Yep- Bill seems to have it right. If they don't see anything pointing towards lower motor stuff, they probably would be wasting their time with the emg. Like you, I was told to come back in 6 months too, as my progression has been all over mild and there's been no sudden change or loss of function. I see that as a positive thing as the longer I go without the LMN stuff, the less worried they are about it changing. The doc told me she had a guy in who was 11 years into a PLS diagnosis who only came in once yearly to review medication. The clinic I'm at is pretty hands off though- yours may do more assessment each time you go in. I think your doctor is not worried about your diagnosis changing to ALS - you're in it for the long haul. I'm sure mine will stop conducting EMG once I hit the 3 year mark- I've got another 18 or so months to go.

best

Fiona

 

[billbell52]

I don't know this for a fact but the EMG I had 4 years ago I think they only ordered it to give some intern a chance to do an EMG. I go to a teaching hospital.

 

[Tractor Boy]

Well, I sure hope you guys are right. My symptoms are getting worse in my eyes. I've lost my ability to use a walker and my voice is totally toast now. However, I had another swallow test and aced it! I had a bad one 3 years ago. I think that had something to do with the Vitalstim my ST used on me.

I go to the University of Michigan Hospital for Clinic.

So how bad does PLS get? Does it ever stop progression? What can I expect? TB

 

[Green Queen]

TB that question makes me so sad, as does this thread.
Progression is such a terrible word.
Do you have AFOs at all? Or are you wheelchair bound now?
I'm getting a new AFO. It's the fuggliest thing out, but gives me so much more stability when I walk.

I'm so sad for (everyone) the PLSers, always wondering about LMN findings.

I pray for you all.

 

[ShiftKicker]

TB, I am with Janelle- Progression is a terrible word to have to contemplate. It sounds like you need a more proactive clinic experience. Your neurologist/care team should be assessing you and the state and rate of your symptom progress and letting you know what to expect as things carry on. If that's not happening, your clinic needs to get a kick in the pants to get things going.

Fiona

 

[lgelb]

TB, the best available info may be in this abstract but it's kinda depressing. Basically, it says that "PLS" is a very dicey diagnosis that usually ends up being ALS. But there can be as much as a decade or more before that happens, so carpe diem.

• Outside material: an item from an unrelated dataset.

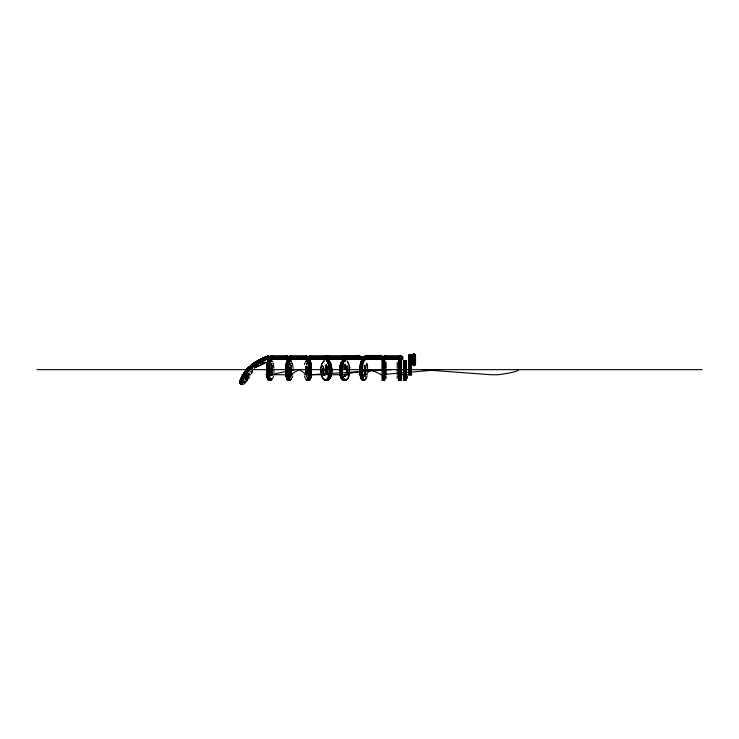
<?xml version="1.0" encoding="UTF-8"?>
<svg xmlns="http://www.w3.org/2000/svg" width="739" height="739" viewBox="0 0 739 739"><rect width="100%" height="100%" fill="white"/><g stroke="black" fill="none" stroke-linecap="round" stroke-linejoin="round"><path stroke-width="1.11" d="M382.516 356.974L382.654 357.436M382.516 358.821L382.534 358.313L382.654 358.812M251.445 365.944A9.893 0.942 -27.7 0 1 260.507 359.967A9.893 0.942 -27.7 0 1 268.368 357.279L268.525 357.168M267.961 357.26L268.312 357.168M273.92 372.502L273.984 370.35M320.717 370.47L320.837 367.93M327.22 372.05L327.312 370.11M327.497 372.068L327.589 370.11M243.861 382.497L244.166 381.148M344.097 368.438L345.279 364.253L344.06 367.265M344.125 369.001L345.473 365.306M397.222 362.249L397.194 368.327M320.809 368.271L321.142 366.23M325.178 368.761L325.862 365.768M325.52 368.465L326.25 365.288M325.603 368.779L326.259 365.879M325.797 368.484L326.056 366.858M325.936 369.001L326.148 367.699M326.869 372.825L327.081 371.532M327.174 373.26L327.423 371.745M268.275 357.186L268.035 357.039M304.486 364.447L304.828 363.08M306.787 375.421L306.297 377.038L306.768 376.327M344.097 366.599L344.827 364.41M270.982 364.715L271.296 363.551M271.259 364.761L271.582 363.606M273.467 376.216L272.959 377.869M290.464 364.844L290.972 363.376L290.141 364.798L290.713 363.255L290.104 363.93M292.672 376.29L292.154 377.952M349.15 374.71L347.977 377.878M349.316 375.292L347.986 378.885M244.433 381.25L244.138 382.534L244.101 381.657M252.332 370.562L251.362 373.232M252.599 370.664L251.629 373.343M321.225 365.528L321.853 363.459M326.148 367.717L326.924 365.759M367.135 376.123L365.685 379.624M366.452 377.361L365.583 378.784M270.936 364.724L271.287 364.013M271.416 363.967L271.767 363.302M255.574 366.341L254.89 367.505L255.962 366.553M249.717 376.955L244.082 384.031M247.149 380.363L243.925 383.8M365.971 374.738L370.387 369.648L380.724 374.276M249.8 372.17L250.697 371.181M256.719 365.713L258.234 364.807M256.858 365.971L258.373 365.057M263.029 362.286L264.045 361.667M264.599 363.015L266.114 362.11M266.243 362.359L254.253 368.059M250.253 367.163L250.613 367.505M250.382 367.052L250.281 367.523M290.15 374.738L299.258 369.648L307.073 374.738M260.618 363.597L261.855 362.941M260.1 364.087L263.731 362.23M262.862 363.994L257.578 366.618M309.392 355.727L326.85 355.727M325.142 355.727L326.001 355.459M327.266 355.727L344.725 355.727M343.016 355.727L343.866 355.459M270.317 355.727L287.877 355.727M286.169 355.727L287.028 355.459M289.66 355.727L307.23 355.727M305.512 355.727L306.371 355.459M345.455 355.727L359.893 355.459M380.437 355.727L382.155 355.727M384.049 355.727L401.628 355.727M399.91 355.727L400.769 355.459M256.184 367.2L254.179 367.782M269.984 374.738L295.582 369.648M344.143 374.34L359.45 371.606M363.828 370.821L370.387 369.648M364.992 355.524L381.296 355.459M438.846 369.648L380.899 374.738M391.365 369.648L311.858 374.673M362.045 356.558L363.172 356.558M363.727 356.577L364.188 356.577L363.782 357.122M269.208 356.761L327.95 356.761M328.236 356.761L343.931 356.761M344.346 356.761L402.727 356.761M269.208 356.909L327.95 356.909M328.236 356.909L343.931 356.909M344.346 356.909L402.727 356.909M269.208 357.26L327.95 357.26M328.236 357.26L343.931 357.26M344.346 357.26L402.727 357.26M269.208 357.399L327.95 357.399M328.236 357.399L343.931 357.399M344.346 357.399L402.727 357.399M327.95 357.87L269.208 357.87A9.773 0.933 -27.7 0 0 258.862 362.35A9.893 0.942 -27.7 0 0 252.064 367.126M328.236 357.87L343.931 357.87M344.346 357.87L402.727 357.87M269.208 358.276L327.95 358.276M328.236 358.276L343.931 358.276M344.346 358.276L402.727 358.276M363.782 358.507L364.142 357.953M269.208 358.738L327.95 358.738M328.236 358.738L343.931 358.738M344.346 358.738L402.727 358.738M269.208 358.886L327.95 358.886M328.236 358.886L343.931 358.886M344.346 358.886L402.727 358.886M269.208 359.237L327.95 359.237M328.236 359.237L343.931 359.237M344.346 359.237L402.727 359.237M269.208 359.376L327.95 359.376M328.236 359.376L343.931 359.376M344.346 359.376L402.727 359.376M289.623 359.93L290.122 359.93M381.767 359.865L382.479 359.865M383.911 359.875L384.622 359.875M364.66 360.096L364.697 360.115A9.893 2.291 -90 0 0 362.313 371.154A9.893 2.291 -90 0 0 365.14 379.68M36.95 369.648L702.05 369.648M241.856 374.738L250.937 374.738M265.92 374.738L292.921 374.738M304.283 374.738L306.473 374.738M306.888 374.738L339.21 374.738M339.413 374.738L349.427 374.738M359.246 374.738L367.394 374.738M397.194 374.738L407.383 374.738M408.187 374.738L408.722 374.738M409.36 374.738L409.831 374.738M410.237 374.738L410.699 374.738M411.337 374.738L411.872 374.738M422.237 369.648L490.77 374.738L498.077 374.738A27.851 3.316 -5.3 0 0 518.482 369.648M384.908 355.459L385.767 355.727M365.435 355.459L366.295 355.727M346.314 355.459L347.173 355.727M290.519 355.459L291.378 355.727M271.176 355.459L272.035 355.727M328.116 355.459L328.966 355.727M310.241 355.459L311.091 355.727M324.975 365.029L326.462 366.442L327.054 368.789M250.539 366.904L250.632 366.913A9.893 1.709 -58.6 0 0 243.417 374.904A9.893 1.709 -58.6 0 0 240.942 383.329M347.081 360.854L348.743 363.422L349.695 367.93M306.75 363.551L306.842 363.939M347.773 362.609L348.642 364.244M344.827 376.345L344.476 375.458M326.241 364.225L326.684 365.075M306.713 364.087L306.242 363.376L306.74 364.835M290.445 376.327L290.907 377.038L290.418 375.43M364.678 376.16L365.14 376.862L364.752 376.123M322.112 376.521L322.869 377.86M322.841 378.885L321.308 375.357M344.937 375.865L345.279 376.502L344.743 375.375M343.801 365.796L344.716 369.001M290.141 375.661L290.658 377.158M290.307 376.4L290.131 375.467M305.05 377.943L304.533 376.29M366.803 362.914L367.68 368.077M344.799 365.777L345.436 368.743M344.79 366.775L345.03 368.419M344.771 367.209L345.011 368.77M292.376 363.08L293.143 368.253M273.181 363.006L273.938 368.17M349.344 365.639L349.787 368.207M327.516 366.895L327.802 368.456M327.174 366.535L327.469 368.161M325.964 371.745L326.195 373.01M366.913 364.318L367.394 368.096M327.395 368.53L326.416 365.158L327.183 368.179M325.206 372.04L325.105 370.396M397.222 378.497L397.194 375.985M349.196 366.221L349.51 368.225M273.236 364.419L273.495 366.165M325.871 370.378L325.964 371.754M325.705 370.424L325.834 372.354M325.529 370.396L325.548 372.373M320.994 370.442L321.123 372.585M320.708 370.442L320.874 373.001M415.503 355.154L415.503 364.503M415.466 354.914L415.466 364.743M415.318 354.951L415.318 364.706M415.05 356.078L415.05 363.579M414.727 354.092L414.801 365.565M414.542 354.092L414.459 365.565M414.209 354.092L414.209 365.565M413.997 354.092L413.997 365.565M413.664 354.092L413.664 365.565M413.48 354.092L413.48 365.565M413.406 354.092L413.406 365.565M412.889 354.951L412.889 364.706M412.741 354.914L412.741 364.743M412.704 355.154L412.704 364.503M411.337 354.979L411.337 374.765M411.198 354.979L411.198 374.765M410.847 354.979L410.847 374.765M410.699 354.979L410.699 374.765M410.237 354.979L410.237 374.765M409.831 354.979L409.831 374.765M409.36 354.979L409.36 374.765M409.221 354.979L409.221 374.765M408.87 354.979L408.87 374.765M408.722 354.979L408.722 374.765M407.383 375.985L407.383 378.303M406.081 360.484L406.081 380.271M405.933 360.484L405.933 380.271M405.582 360.484L405.582 380.271M405.434 360.484L405.434 380.271M404.972 360.484L404.972 380.271M404.566 360.484L404.566 380.271M404.104 360.484L404.104 380.271M403.956 360.484L403.956 380.271M403.605 360.484L403.605 380.271M403.457 360.484L403.457 380.271M401.12 360.484L401.12 380.271M400.972 360.484L400.972 380.271M400.621 360.817L400.621 380.271M400.473 360.817L400.473 380.271M400.011 360.817L400.011 380.271M399.605 360.817L399.605 380.271M399.143 360.817L399.143 380.271M398.995 360.817L398.995 380.271M398.644 360.817L398.644 380.271M398.506 360.817L398.506 380.271M397.194 370.378L397.194 372.428M386.137 362.443L386.137 368.327M386.137 370.378L386.137 374.34M386.137 375.985L386.137 378.303M384.825 360.817L384.825 380.271M384.677 360.817L384.677 380.271M384.372 359.754L384.012 359.875M384.335 360.484L384.335 380.271M384.188 360.484L384.188 380.271M383.726 360.484L383.726 380.271M383.319 360.484L383.319 380.271M382.848 360.484L382.848 380.271M382.71 360.484L382.71 380.271M382.497 358.267L382.442 358.812M382.266 359.865L381.869 359.865M382.359 360.484L382.359 380.271M382.211 360.484L382.211 380.271M289.143 357.454L289.198 358.009M289.143 358.831L289.198 359.385M362.738 379.68A9.893 2.291 -90 0 1 359.958 372.428A9.893 2.291 -90 0 1 361.639 360.466M363.671 379.68A9.893 2.291 -90 0 1 360.826 369.86A9.893 2.291 -90 0 1 363.764 360.577M365.352 367.717A9.893 2.291 -90 0 1 365.325 372.835M363.218 379.68A9.893 2.291 -90 0 1 360.392 371.154A9.893 2.291 -90 0 1 362.72 360.179M363.071 379.68A9.893 2.291 -90 0 1 360.299 372.428A9.893 2.291 -90 0 1 361.981 360.466M364.512 365.371A9.773 2.263 -90 0 1 364.466 375.135M363.071 379.56A9.773 2.263 -90 0 1 360.281 371.144A9.773 2.263 -90 0 1 362.572 360.309M364.65 365.371A9.773 2.263 -90 0 1 364.604 375.135M363.209 379.56A9.773 2.263 -90 0 1 360.42 371.144A9.773 2.263 -90 0 1 362.72 360.309M364.17 365.371A9.773 2.263 -90 0 1 364.364 372.798M364.299 373.611A9.773 2.263 -90 0 1 364.124 375.135M362.729 379.56A9.773 2.263 -90 0 1 359.985 372.401A9.773 2.263 -90 0 1 361.648 360.586M364.512 379.68A9.893 2.291 -90 0 1 361.676 369.86A9.893 2.291 -90 0 1 364.613 360.577M364.512 379.56A9.773 2.263 -90 0 1 361.704 369.869A9.773 2.263 -90 0 1 364.604 360.687M363.662 379.56A9.773 2.263 -90 0 1 360.854 369.869A9.773 2.263 -90 0 1 363.754 360.687M365.103 365.371A9.773 2.263 -90 0 1 365.057 375.135M364.059 379.56A9.773 2.263 -90 0 1 361.251 369.869A9.773 2.263 -90 0 1 364.151 360.687M365.713 367.745A9.773 2.263 -90 0 1 365.694 372.798M364.059 379.68A9.893 2.291 -90 0 1 361.223 369.86A9.893 2.291 -90 0 1 364.161 360.577M364.65 379.56A9.773 2.263 -90 0 1 361.851 369.869A9.773 2.263 -90 0 1 364.743 360.687M364.66 379.68A9.893 2.291 -90 0 1 361.814 369.86A9.893 2.291 -90 0 1 364.752 360.577M364.992 379.56A9.773 2.263 -90 0 1 362.202 371.144A9.773 2.263 -90 0 1 364.493 360.309M251.325 365.454A9.773 0.933 -27.7 0 1 259.14 360.142A9.773 0.933 -27.7 0 1 268.451 356.401M251.26 365.325A9.773 0.933 -27.7 0 1 260.202 359.422A9.773 0.933 -27.7 0 1 267.961 356.761M251.916 365.251A9.893 0.942 -27.7 0 1 259.056 360.004A9.893 0.942 -27.7 0 1 268.072 356.715M251.981 365.38A9.893 0.942 -27.7 0 1 257.994 360.743A9.893 0.942 -27.7 0 1 268.562 356.346M252.424 366.221A9.893 0.942 -27.7 0 1 258.438 361.583A9.893 0.942 -27.7 0 1 269.005 357.196M251.556 365.888A9.773 0.933 -27.7 0 1 260.498 359.985A9.773 0.933 -27.7 0 1 268.257 357.325M269.227 357.778A9.893 0.942 -27.7 0 0 258.844 362.35A9.773 0.933 -27.7 0 0 252.175 367.071M252.526 366.165A9.773 0.933 -27.7 0 1 258.456 361.583A9.773 0.933 -27.7 0 1 268.894 357.251M252.71 366.526A9.773 0.933 -27.7 0 1 257.56 362.544A9.773 0.933 -27.7 0 1 268.904 357.427M252.609 366.581A9.893 0.942 -27.7 0 1 257.523 362.553A9.893 0.942 -27.7 0 1 269.014 357.371M252.239 367.2A9.773 0.933 -27.7 0 1 258.927 362.479A9.893 0.942 -27.7 0 1 269.301 357.907M269.19 357.962A9.773 0.933 -27.7 0 0 258.927 362.479A9.893 0.942 -27.7 0 0 252.138 367.255M252.295 367.56A9.893 0.942 -27.7 0 1 259.066 362.784A9.893 0.942 -27.7 0 1 269.458 358.212M252.405 367.505A9.773 0.933 -27.7 0 1 259.093 362.794A9.773 0.933 -27.7 0 1 269.347 358.267M252.295 367.449A9.773 0.933 -27.7 0 1 260.276 362.313A9.773 0.933 -27.7 0 1 269.421 358.397M252.359 367.689A9.893 0.942 -27.7 0 1 259.14 362.914A9.893 0.942 -27.7 0 1 269.523 358.341M288.339 379.735A9.773 1.968 -90 0 1 285.91 370.036A9.893 1.986 -90 0 1 288.432 360.743M288.422 360.863A9.773 1.968 -90 0 0 285.91 370.036A9.893 1.986 -90 0 0 288.349 379.855M289.78 367.92A9.773 1.968 -90 0 1 289.762 372.973M288.201 379.735A9.773 1.968 -90 0 1 285.771 370.036A9.893 1.986 -90 0 1 288.284 360.743M288.284 360.863A9.773 1.968 -90 0 0 285.771 370.036A9.893 1.986 -90 0 0 288.21 379.855M289.642 367.92A9.773 1.968 -90 0 1 289.614 372.973M289.291 379.855A9.893 1.986 -90 0 1 286.824 370.036A9.893 1.986 -90 0 1 289.365 360.743M290.741 367.883A9.893 1.986 -90 0 1 290.723 373.01M288.829 379.855A9.893 1.986 -90 0 1 286.372 370.036A9.893 1.986 -90 0 1 288.912 360.743M288.69 379.855A9.893 1.986 -90 0 1 286.224 370.036A9.893 1.986 -90 0 1 288.773 360.743M288.681 379.735A9.773 1.968 -90 0 1 286.252 370.036A9.773 1.968 -90 0 1 288.764 360.863M290.122 367.92A9.773 1.968 -90 0 1 290.104 372.973M288.829 379.735A9.773 1.968 -90 0 1 286.39 370.036A9.773 1.968 -90 0 1 288.903 360.863M290.076 365.537A9.773 1.968 -90 0 1 290.039 375.31M290.141 379.855A9.893 1.986 -90 0 1 287.674 370.036A9.893 1.986 -90 0 1 290.224 360.743M290.131 379.735A9.773 1.968 -90 0 1 287.702 370.036A9.773 1.968 -90 0 1 290.215 360.863M291.388 365.537A9.773 1.968 -90 0 1 291.526 367.098M291.554 372.973A9.773 1.968 -90 0 1 291.351 375.31M289.282 379.735A9.773 1.968 -90 0 1 286.852 370.036A9.773 1.968 -90 0 1 289.365 360.863M290.538 365.537A9.773 1.968 -90 0 1 290.492 375.31M289.679 379.735A9.773 1.968 -90 0 1 287.249 370.036A9.773 1.968 -90 0 1 289.762 360.863M290.935 365.537A9.773 1.968 -90 0 1 290.889 375.31M289.688 379.855A9.893 1.986 -90 0 1 287.222 370.036A9.893 1.986 -90 0 1 289.771 360.743M291.148 367.883A9.893 1.986 -90 0 1 291.203 370.451M290.279 379.735A9.773 1.968 -90 0 1 287.859 371.32A9.893 1.986 -90 0 1 289.854 360.355M289.854 360.475A9.773 1.968 -90 0 0 287.859 371.32A9.893 1.986 -90 0 0 290.279 379.855M290.704 360.743A9.893 1.986 -90 0 1 291.184 361.787M291.111 378.913A9.893 1.986 -90 0 1 288.219 372.604A9.893 1.986 -90 0 1 290.196 360.355M290.843 360.863A9.773 1.968 -90 0 1 291.314 361.888M291.24 378.811A9.773 1.968 -90 0 1 288.386 372.576A9.773 1.968 -90 0 1 290.335 360.475M291.249 378.913A9.893 1.986 90 0 1 288.441 373.842A9.893 1.986 90 0 1 289.817 360.641M290.852 360.743A9.893 1.986 90 0 1 291.323 361.787M326.305 360.66A9.893 4.12 -90 0 1 329.16 373.86A9.893 4.12 -90 0 1 323.34 378.941M321.798 375.394A9.893 4.12 -90 0 1 321.483 373.842M321.714 365.5A9.893 4.12 -90 0 0 321.419 367.08A9.773 4.064 -90 0 1 321.751 365.565M322.352 363.422A9.893 4.12 -90 0 1 324.172 360.771M326.287 360.78A9.773 4.064 -90 0 1 329.114 373.814A9.773 4.064 -90 0 1 323.359 378.83M321.844 375.329A9.773 4.064 -90 0 1 321.53 373.795M323.211 361.907A9.773 4.064 -90 0 1 324.181 360.881M327.303 360.66A9.893 4.12 -90 0 1 330.324 372.622A9.893 4.12 -90 0 1 325.345 379.874M326.887 360.66A9.893 4.12 -90 0 1 329.899 372.622A9.893 4.12 -90 0 1 324.92 379.874M326.435 360.66A9.893 4.12 -90 0 1 329.289 373.86A9.893 4.12 -90 0 1 323.47 378.941M321.844 365.5A9.893 4.12 -90 0 0 321.557 367.08A9.773 4.064 -90 0 1 321.89 365.565M326.749 360.66A9.893 4.12 -90 0 1 329.603 373.86A9.893 4.12 -90 0 1 323.784 378.941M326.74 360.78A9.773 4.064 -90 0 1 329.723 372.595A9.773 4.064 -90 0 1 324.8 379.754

It's pretty confusing for the clinic staff to face you, as a "PLS" patient when studies are questioning the very label, and it was rare to begin with. So it's always easier to say, "See ya in 6." That said, if you need specific support, equipment, advice that you are not getting, ask for it. It may not be at the clinic. It could be with your regular doc, a pulmonologist, physiatrist, physical/occupational therapist, anyone who wants to help with fatigue, spasticity, breathing, speech. And, then, there is always here in the digisphere!

Best,
Laurie

 

[billbell52]

I have read about 5 reports and PLS is always between .8% and 2% of ALS. This has it at 1.4%. I was told that Bulbar ALS progresses quickly and that if you have Bulbar PLS for 2-3 years with no LMN involvement it is highly unlikely to be ALS.

 

[lgelb]

Even with bulbar PLS onset, you could "convert" later but any form of ALS is likewise slower when it begins with UMN-only disease.